Monday, October 11, 2010

Thoughts from a recent trip to Turkey

By Peter Henne

I've just returned from an excellent trip to Turkey, sponsored by the Rumi Forum. The trip included visits to Istanbul, Ankara, and two cities in the southeastern part of the country: Gaziantep and Şanliurfa. The trip was intended to introduce members of the DC foreign policy community to Turkey; it involved sight-seeing as well as meetings with political, business and community leaders. I study Turkey academically and have written a bit on it, but still gained great insights into the current state of Turkey's society and politics, and the important role it plays in world affairs.

I have a few thoughts now on domestic issues in Turkey (discussion of its foreign policy will be forthcoming). It is a bit of a cliché to call any country dynamic, but that is really the only word to describe Turkey. This partly involves the dramatic growth witnessed throughout the country. Increasing trade with neighboring countries, a growing domestic market, and economic support from the ruling Justice and Development Party (AKP) has led to much economic development; I saw numerous construction projects in Istanbul and Ankara as well as the southeast, which has traditionally been under-developed.

Beyond the economy, the society itself also seems to be thriving.

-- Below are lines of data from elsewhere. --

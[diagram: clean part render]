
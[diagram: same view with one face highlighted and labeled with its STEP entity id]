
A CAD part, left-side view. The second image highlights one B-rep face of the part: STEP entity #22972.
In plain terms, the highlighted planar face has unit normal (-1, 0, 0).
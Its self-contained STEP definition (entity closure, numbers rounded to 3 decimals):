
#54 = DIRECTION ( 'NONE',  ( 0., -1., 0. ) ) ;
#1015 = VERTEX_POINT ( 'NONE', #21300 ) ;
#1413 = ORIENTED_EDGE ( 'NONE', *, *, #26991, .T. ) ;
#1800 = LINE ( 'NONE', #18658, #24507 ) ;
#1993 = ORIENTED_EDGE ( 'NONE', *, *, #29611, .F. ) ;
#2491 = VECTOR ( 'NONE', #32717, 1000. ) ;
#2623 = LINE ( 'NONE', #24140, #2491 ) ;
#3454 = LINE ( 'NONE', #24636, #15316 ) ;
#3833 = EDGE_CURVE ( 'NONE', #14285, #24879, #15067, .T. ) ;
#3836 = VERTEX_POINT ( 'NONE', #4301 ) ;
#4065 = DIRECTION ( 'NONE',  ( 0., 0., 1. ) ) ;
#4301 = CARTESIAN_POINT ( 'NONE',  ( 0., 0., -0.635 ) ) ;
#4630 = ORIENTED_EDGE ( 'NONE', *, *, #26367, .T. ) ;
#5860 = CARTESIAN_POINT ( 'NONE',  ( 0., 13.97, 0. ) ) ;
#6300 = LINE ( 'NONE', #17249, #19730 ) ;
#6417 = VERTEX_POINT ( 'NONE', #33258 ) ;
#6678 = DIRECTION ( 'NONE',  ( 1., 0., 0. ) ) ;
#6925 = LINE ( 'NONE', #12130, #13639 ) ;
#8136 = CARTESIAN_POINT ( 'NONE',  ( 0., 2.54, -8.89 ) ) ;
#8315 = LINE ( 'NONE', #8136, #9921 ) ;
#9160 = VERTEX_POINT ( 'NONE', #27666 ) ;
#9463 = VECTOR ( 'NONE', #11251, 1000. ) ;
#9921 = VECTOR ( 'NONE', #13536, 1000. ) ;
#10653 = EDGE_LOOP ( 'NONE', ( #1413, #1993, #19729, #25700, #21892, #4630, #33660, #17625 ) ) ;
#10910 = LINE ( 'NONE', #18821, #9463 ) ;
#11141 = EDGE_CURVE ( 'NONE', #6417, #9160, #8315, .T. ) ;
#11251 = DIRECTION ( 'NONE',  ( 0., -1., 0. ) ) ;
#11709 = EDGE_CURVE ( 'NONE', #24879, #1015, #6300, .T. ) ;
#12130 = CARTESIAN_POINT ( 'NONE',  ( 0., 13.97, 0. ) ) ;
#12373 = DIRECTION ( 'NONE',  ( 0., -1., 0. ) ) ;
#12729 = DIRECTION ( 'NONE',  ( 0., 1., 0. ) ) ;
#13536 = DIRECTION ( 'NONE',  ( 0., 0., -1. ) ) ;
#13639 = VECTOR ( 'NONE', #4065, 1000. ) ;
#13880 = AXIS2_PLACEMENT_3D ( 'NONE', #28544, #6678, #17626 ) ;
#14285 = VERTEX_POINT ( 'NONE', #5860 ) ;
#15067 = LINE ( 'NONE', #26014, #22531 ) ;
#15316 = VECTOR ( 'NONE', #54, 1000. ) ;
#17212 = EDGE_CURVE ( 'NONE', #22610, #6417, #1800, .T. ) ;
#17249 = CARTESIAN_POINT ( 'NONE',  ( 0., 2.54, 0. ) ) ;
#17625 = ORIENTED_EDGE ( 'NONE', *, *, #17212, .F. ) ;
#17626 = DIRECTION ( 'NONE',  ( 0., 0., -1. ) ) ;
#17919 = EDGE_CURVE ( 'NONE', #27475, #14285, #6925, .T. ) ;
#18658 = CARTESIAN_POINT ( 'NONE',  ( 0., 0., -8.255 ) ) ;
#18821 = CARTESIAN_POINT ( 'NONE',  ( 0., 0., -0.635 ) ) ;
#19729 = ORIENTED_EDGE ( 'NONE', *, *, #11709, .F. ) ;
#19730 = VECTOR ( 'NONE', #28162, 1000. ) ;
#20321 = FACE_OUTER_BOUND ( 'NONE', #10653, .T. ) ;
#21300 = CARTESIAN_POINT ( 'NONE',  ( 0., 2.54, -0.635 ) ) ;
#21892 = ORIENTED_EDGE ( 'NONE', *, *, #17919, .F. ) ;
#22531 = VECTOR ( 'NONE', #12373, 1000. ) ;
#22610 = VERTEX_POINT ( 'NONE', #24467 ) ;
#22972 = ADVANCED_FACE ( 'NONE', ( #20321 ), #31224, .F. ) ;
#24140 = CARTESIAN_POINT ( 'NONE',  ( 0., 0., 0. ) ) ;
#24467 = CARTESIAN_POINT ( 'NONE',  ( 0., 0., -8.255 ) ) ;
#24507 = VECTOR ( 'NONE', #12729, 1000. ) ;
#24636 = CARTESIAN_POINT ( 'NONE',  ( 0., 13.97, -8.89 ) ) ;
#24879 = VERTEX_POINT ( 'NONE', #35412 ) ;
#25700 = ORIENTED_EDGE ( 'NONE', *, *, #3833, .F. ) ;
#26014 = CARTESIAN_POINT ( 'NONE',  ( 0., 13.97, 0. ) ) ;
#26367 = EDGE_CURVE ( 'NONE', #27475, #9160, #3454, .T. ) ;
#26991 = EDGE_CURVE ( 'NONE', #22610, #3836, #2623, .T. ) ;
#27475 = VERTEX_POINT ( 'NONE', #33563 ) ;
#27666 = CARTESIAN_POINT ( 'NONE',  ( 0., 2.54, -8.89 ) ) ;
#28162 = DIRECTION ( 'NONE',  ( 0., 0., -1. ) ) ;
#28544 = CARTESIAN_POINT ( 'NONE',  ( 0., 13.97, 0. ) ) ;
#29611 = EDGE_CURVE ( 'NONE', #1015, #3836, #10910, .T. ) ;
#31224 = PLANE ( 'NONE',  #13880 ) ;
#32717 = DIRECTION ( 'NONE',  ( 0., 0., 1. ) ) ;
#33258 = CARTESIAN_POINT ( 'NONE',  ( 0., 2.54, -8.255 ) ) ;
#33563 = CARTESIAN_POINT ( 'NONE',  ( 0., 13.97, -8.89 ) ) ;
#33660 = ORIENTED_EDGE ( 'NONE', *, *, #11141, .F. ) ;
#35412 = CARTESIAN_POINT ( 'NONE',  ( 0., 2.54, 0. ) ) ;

The AKP's policies on the economy and the consolidation of Turkey's democratic process under AKP rule seems to have attracted the support of numerous elements of Turkish society, from conservative religious voters to liberal pro-democracy voices to business groups and ethnic minorities such as the Kurds. Not all Turks support the AKP--the recent Constitutional referendum passed with about 40% of the population opposing, indicating divisions remain--and one may raise legitimate concerns about AKP attitudes towards religion and politics. But the AKP is far from the secret Islamist movement some have claimed.

Another observation has to do with Turkish nationalism. Since Ataturk founded the Turkish republic in 1923, national identity has been a major concern for Turks. Fear of territorial dismantlement--as happened to the Ottoman Empire after World War I--has influenced both domestic and foreign policies, touching on issues such as Armenia, the Kurds, and Cyprus. Defending the modern secular character of the republic has also been the justification for several military coups in the country.

It was encouraging, then, to see a responsible and respectful form of nationalism in the Turks I met. They loved their country, and were very proud of its achievements, but this did not seem to translate into fear of outsiders or anti-Americanism. They had their opinions, and were not shy about expressing their thoughts on US policies, but they were also very happy to talk with Americans and seemed to greatly value the long-standing Turkish-US ties. Again, I didn't meet everyone in Turkey, and there are undoubtedly more negative feelings out there, but what I saw was heartening.

Turkey entered the 20th century as the Ottoman Empire, a major world power in decline. It has spent the time since then smoothing out its transition into a modern nation-state and working out the nature of its domestic and international affairs. As always, there is more work to do, but as we enter the 21st century, Turkish society should provide a model for other states grappling with the proper relationship between religion and politics and managing economic development.